The communications antenna 210 may be any suitable type of antenna corresponding to the communications protocols used by the AP module 120. Some non-limiting examples of suitable communications antennas 210 include Wi-Fi antennas, IEEE 802.11 family of standards compatible antennas, directional antennas, non-directional antennas, dipole antennas, folded dipole antennas, patch antennas, multiple-input multiple-output (MIMO) antennas, or the like. The communications antenna may be communicatively coupled to the radio component 224 to transmit and/or receive signals, such as communications signals to and/or from other AP modules 120.
The GNSS antenna 212 may be any suitable type of GNSS antenna to receive GNSS signals, such as GPS time and/or pseudo-range signals. The GNSS may be any one of known current GNSS or planned GNSS, such as the Global Positioning System (GPS), the GLONASS System, the Compass Navigation System, the Galileo System, or the Indian Regional Navigational System. The GNSS may include a plurality of satellites broadcasting radio frequency (RF) signals including satellite transmission time and position information. The satellite RF signals received from three or more satellites via the GNSS antenna 212 may be used by the AP modules 120, and the GPS/sensor component 230, in particular, to obtain navigation data using known GNSS or GPS signal and data processing techniques.
The processors 220 of the AP module 120 may be implemented as appropriate in hardware, software, firmware, or combinations thereof. Software or firmware implementations of the processors 220 may include computer-executable or machine-executable instructions written in any suitable programming language to perform the various functions described.
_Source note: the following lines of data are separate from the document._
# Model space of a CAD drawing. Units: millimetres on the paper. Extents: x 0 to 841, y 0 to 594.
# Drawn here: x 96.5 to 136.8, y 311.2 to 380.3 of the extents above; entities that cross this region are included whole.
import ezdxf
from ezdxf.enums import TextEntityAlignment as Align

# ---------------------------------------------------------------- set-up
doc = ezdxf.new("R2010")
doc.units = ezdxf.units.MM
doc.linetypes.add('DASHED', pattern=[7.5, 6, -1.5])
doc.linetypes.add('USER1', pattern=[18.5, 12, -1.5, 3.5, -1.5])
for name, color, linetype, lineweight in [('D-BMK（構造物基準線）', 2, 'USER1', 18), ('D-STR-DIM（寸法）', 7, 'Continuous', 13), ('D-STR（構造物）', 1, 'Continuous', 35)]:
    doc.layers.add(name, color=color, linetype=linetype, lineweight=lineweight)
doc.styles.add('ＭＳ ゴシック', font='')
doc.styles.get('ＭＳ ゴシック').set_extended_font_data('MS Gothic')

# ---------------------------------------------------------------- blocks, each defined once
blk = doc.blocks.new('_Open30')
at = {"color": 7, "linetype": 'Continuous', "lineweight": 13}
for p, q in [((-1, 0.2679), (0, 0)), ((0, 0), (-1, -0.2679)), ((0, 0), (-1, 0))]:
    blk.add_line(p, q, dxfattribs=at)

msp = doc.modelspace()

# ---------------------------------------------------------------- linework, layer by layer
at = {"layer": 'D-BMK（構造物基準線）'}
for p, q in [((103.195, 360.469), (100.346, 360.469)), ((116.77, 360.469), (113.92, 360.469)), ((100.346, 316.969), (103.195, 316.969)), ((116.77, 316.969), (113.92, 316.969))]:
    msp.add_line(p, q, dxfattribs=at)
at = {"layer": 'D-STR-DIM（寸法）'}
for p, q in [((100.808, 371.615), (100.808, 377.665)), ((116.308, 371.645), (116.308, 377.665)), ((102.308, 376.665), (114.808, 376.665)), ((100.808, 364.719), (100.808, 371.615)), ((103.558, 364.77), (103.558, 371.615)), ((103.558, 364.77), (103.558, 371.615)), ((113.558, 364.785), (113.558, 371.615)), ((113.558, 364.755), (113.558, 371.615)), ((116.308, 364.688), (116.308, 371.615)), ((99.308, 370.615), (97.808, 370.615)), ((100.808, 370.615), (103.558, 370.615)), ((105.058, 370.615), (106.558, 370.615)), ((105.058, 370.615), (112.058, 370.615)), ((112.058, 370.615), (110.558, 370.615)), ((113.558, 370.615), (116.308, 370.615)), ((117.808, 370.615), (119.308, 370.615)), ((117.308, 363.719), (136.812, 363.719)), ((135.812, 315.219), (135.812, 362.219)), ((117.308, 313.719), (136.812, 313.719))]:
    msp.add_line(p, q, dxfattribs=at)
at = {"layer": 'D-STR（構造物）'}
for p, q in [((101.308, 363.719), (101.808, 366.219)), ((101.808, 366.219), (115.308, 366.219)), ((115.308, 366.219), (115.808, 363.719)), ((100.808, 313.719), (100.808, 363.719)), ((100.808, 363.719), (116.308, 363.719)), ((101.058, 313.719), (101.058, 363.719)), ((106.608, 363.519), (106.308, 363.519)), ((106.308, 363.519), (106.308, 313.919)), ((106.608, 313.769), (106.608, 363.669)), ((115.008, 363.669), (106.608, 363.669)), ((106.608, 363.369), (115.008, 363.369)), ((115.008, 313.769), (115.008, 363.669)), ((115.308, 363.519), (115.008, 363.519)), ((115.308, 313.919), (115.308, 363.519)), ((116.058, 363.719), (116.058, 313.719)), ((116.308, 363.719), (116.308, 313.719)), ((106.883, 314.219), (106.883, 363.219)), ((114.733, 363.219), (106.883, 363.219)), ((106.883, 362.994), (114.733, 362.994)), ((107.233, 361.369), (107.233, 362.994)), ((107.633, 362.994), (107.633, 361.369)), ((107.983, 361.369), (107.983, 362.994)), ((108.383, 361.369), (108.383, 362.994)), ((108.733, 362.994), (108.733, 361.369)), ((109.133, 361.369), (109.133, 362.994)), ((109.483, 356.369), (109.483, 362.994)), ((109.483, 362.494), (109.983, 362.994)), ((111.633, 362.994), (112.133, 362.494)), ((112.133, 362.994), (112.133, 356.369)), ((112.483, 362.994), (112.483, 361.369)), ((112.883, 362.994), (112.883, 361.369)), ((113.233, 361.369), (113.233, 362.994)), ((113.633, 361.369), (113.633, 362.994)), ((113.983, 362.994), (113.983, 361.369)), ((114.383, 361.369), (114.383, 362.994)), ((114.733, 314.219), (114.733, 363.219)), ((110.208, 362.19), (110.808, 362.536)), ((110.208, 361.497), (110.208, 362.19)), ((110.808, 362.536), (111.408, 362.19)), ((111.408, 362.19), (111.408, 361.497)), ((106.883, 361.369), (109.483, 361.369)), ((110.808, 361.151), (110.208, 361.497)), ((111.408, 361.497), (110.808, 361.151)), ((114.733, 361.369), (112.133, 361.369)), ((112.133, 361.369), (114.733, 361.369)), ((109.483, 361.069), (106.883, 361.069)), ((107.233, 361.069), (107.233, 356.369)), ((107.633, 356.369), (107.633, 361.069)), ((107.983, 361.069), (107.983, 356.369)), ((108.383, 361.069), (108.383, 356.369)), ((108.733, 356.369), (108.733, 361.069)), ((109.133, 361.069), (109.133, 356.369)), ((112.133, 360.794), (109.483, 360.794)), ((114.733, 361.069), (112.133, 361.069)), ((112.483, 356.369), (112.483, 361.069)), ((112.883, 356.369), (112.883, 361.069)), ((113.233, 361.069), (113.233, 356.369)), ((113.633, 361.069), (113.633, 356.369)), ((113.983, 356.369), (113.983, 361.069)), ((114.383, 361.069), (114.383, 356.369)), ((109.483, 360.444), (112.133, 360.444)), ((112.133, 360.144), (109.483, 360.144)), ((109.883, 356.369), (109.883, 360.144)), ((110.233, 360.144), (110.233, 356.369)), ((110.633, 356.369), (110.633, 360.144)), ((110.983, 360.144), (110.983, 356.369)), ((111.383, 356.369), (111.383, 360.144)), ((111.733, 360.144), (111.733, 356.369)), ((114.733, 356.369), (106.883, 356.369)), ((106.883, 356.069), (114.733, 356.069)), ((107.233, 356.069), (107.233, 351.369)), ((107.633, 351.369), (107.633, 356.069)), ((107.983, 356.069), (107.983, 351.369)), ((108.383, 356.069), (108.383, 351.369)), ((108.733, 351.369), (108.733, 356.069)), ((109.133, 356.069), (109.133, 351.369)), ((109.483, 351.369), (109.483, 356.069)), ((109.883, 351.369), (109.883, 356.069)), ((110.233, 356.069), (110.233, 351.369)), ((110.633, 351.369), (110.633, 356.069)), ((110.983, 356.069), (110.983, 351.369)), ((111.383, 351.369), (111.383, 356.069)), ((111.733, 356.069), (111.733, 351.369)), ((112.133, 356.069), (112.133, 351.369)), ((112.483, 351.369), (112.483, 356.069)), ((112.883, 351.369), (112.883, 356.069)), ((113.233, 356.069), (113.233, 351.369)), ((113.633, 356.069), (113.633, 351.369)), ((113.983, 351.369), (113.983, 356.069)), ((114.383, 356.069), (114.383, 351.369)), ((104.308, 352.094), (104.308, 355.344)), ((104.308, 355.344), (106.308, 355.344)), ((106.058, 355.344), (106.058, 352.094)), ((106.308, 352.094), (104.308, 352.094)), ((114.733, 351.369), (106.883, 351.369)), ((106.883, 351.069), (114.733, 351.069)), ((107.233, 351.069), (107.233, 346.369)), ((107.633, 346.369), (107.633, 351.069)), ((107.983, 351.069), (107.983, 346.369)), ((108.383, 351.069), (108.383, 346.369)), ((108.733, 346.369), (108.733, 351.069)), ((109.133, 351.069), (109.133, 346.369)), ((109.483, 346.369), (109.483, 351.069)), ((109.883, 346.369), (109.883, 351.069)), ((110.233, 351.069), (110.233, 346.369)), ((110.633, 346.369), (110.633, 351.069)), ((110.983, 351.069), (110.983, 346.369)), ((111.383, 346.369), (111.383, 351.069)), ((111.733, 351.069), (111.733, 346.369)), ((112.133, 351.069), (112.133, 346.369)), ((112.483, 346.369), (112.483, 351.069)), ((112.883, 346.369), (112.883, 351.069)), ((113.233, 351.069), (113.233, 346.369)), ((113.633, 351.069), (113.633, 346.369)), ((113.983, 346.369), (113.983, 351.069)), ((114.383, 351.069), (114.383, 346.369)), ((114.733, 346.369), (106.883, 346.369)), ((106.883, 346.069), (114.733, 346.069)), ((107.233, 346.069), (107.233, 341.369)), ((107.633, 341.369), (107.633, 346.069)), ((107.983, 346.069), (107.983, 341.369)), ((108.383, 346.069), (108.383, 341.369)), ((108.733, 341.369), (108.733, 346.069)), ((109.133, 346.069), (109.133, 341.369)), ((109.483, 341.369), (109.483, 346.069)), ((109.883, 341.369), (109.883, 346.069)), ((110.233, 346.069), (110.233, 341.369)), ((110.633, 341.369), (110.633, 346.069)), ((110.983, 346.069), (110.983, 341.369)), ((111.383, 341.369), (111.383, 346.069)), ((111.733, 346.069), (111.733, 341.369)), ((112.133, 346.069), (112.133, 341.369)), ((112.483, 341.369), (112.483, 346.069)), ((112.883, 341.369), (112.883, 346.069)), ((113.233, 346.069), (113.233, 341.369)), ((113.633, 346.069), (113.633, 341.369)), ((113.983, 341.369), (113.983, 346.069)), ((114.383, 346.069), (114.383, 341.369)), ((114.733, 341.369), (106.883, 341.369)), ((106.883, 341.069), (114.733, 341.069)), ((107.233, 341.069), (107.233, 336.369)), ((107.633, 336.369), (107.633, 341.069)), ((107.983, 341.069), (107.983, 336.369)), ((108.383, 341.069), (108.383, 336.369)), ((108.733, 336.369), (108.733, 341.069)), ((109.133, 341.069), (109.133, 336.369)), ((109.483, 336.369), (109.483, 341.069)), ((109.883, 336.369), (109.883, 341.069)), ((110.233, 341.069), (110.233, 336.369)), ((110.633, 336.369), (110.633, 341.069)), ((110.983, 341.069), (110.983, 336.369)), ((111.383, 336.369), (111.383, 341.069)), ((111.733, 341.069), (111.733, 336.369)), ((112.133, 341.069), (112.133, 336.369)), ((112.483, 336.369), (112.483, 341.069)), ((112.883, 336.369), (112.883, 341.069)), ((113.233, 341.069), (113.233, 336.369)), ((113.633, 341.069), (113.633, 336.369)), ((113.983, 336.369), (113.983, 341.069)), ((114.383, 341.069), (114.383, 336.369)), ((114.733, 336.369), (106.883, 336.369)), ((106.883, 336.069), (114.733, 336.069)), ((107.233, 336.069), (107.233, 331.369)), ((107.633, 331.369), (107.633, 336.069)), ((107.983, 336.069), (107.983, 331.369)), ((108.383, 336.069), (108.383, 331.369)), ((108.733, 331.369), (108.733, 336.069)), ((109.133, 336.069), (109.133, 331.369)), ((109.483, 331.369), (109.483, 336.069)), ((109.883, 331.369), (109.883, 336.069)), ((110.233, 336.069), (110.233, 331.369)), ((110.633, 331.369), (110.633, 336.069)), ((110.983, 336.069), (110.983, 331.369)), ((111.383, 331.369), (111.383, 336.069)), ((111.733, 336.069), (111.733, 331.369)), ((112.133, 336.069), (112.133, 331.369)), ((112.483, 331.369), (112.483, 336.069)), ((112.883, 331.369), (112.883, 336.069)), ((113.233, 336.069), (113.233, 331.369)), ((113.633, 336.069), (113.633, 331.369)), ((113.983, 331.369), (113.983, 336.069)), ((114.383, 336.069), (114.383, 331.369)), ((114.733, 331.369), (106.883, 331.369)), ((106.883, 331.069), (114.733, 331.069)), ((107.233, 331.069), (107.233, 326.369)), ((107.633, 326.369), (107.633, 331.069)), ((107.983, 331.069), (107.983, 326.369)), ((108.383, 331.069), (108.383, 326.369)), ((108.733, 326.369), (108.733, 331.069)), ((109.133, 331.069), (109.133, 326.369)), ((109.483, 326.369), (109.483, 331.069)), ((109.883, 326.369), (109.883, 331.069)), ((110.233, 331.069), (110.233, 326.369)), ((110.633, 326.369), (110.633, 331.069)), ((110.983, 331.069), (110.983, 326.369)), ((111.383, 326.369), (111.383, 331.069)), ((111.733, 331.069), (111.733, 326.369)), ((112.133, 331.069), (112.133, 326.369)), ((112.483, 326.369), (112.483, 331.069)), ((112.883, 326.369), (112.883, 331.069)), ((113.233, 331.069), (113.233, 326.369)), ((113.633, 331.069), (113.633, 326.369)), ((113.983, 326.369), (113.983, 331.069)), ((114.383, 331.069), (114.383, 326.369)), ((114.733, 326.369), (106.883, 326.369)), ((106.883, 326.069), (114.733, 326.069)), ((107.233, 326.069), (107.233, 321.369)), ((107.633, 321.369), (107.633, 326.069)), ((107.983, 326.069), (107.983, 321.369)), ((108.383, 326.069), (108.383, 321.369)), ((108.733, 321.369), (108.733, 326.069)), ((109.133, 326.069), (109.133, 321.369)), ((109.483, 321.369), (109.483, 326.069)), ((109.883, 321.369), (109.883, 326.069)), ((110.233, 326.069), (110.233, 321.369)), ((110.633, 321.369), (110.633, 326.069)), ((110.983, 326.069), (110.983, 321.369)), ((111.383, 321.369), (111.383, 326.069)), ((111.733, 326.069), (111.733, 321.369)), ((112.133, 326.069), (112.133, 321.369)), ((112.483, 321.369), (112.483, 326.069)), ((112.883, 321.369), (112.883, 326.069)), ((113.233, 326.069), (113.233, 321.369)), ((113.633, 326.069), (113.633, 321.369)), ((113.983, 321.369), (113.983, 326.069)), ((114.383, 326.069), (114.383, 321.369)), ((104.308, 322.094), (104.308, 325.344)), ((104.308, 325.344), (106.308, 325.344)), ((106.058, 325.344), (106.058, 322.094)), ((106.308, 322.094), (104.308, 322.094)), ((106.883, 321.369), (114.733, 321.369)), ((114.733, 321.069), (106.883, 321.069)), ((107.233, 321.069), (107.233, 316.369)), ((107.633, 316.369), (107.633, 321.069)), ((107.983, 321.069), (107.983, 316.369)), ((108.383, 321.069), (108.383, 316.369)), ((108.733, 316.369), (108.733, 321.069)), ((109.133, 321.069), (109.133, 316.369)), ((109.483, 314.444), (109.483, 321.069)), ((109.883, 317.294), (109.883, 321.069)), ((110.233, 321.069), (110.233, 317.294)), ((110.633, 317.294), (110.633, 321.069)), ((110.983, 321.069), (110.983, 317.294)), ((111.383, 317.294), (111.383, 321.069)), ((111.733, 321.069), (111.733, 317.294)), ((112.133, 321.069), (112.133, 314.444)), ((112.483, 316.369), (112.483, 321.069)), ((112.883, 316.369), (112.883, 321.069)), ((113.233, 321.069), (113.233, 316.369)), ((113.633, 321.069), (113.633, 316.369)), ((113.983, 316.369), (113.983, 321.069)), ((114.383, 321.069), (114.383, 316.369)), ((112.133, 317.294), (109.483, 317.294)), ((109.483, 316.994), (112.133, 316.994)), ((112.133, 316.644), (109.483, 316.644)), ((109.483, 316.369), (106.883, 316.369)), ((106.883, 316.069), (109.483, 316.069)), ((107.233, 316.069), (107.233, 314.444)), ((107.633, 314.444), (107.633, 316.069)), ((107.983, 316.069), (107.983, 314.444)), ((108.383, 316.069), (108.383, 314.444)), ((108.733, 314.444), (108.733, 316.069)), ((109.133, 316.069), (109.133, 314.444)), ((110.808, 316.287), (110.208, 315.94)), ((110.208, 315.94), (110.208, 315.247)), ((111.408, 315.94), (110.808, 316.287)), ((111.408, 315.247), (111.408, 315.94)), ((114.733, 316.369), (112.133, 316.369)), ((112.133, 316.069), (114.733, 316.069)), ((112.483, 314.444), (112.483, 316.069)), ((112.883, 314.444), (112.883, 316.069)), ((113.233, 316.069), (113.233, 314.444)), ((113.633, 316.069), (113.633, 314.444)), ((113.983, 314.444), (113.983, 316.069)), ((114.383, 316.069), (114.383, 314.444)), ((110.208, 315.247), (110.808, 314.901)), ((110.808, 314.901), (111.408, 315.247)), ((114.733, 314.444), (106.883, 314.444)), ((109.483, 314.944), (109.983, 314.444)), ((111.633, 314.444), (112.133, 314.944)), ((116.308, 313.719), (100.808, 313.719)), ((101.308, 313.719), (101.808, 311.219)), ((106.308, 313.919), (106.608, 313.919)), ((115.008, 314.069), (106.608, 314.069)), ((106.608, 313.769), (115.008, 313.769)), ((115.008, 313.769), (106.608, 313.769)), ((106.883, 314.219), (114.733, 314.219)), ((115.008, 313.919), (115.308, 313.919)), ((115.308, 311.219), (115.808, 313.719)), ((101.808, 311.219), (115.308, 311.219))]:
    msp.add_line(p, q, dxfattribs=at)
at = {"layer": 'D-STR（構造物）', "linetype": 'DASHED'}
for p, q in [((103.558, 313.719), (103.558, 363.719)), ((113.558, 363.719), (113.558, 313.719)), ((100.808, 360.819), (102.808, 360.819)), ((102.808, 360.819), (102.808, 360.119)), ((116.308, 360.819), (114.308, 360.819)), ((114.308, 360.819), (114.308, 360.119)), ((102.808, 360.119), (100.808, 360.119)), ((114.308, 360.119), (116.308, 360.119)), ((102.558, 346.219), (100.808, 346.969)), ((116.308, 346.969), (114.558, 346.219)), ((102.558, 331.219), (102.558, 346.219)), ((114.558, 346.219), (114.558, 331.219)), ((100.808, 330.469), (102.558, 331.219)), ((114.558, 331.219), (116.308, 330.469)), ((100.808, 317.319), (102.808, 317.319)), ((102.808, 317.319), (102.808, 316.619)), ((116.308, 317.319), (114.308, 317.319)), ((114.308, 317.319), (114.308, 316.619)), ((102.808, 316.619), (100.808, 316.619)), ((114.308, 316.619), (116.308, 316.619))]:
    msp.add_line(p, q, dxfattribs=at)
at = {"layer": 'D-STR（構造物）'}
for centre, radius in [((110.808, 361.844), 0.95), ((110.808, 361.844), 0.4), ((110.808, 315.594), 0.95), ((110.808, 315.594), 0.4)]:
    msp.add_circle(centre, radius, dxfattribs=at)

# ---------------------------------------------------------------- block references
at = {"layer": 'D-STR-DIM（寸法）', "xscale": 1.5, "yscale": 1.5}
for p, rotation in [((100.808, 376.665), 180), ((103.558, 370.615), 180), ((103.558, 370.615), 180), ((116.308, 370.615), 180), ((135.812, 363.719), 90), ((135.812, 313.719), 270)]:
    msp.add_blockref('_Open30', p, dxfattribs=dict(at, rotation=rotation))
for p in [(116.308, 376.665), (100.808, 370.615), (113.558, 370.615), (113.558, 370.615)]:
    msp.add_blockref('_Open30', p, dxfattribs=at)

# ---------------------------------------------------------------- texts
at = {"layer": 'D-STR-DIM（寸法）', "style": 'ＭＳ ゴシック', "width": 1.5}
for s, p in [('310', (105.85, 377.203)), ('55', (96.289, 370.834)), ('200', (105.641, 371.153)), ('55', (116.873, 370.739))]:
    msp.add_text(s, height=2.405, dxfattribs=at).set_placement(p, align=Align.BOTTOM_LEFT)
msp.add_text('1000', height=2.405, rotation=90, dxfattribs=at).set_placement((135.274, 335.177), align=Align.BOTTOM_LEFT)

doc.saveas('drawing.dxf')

Hardware implementations of the processors 220 may be configured to execute computer-executable or machine-executable instructions to perform the various functions described. The one or more processors 220 may include, without limitation, a central processing unit (CPU), a digital signal processor (DSP), a reduced instruction set computer (RISC), a complex instruction set computer (CISC), a microprocessor, a microcontroller, a field programmable gate array (FPGA), or any combination thereof. The AP module 120 may also include a chipset (not shown) for controlling communications between one or more processors 220 and one or more of the other components of the AP module 120. The processors 220 may also include one or more application specific integrated circuits (ASICs) or application specific standard products (ASSPs) for handling specific data processing functions or tasks. In certain embodiments, the AP module 120 may be based on an Intel® Architecture system and the one or more processors 220 and chipset may be from a family of Intel® processors and chipsets, such as the Intel® Atom® processor family.
The memory 222 may include one or more volatile and/or non-volatile memory devices including, but not limited to, magnetic storage devices, read only memory (ROM), random access memory (RAM), dynamic RAM (DRAM), static RAM (SRAM), synchronous dynamic RAM (SDRAM), double data rate (DDR) SDRAM (DDR-SDRAM), RAM-BUS DRAM (RDRAM), flash memory devices, electrically erasable programmable read only memory (EEPROM), non-volatile RAM (NVRAM), universal serial bus (USB) removable memory, or combinations thereof.
The memory 222 may store program instructions that are loadable and executable on the processor(s) 220, as well as data generated or received during the execution of these programs. The memory 222 may have stored thereon software modules and/or instructions associated with components 224, 226, 228, and/or 230. The memory 222 may include one or more operating systems (O/S) application software. Each of the modules and/or software stored on the memory 222 may provide functionality for the AP module 120, when executed by the processors 220.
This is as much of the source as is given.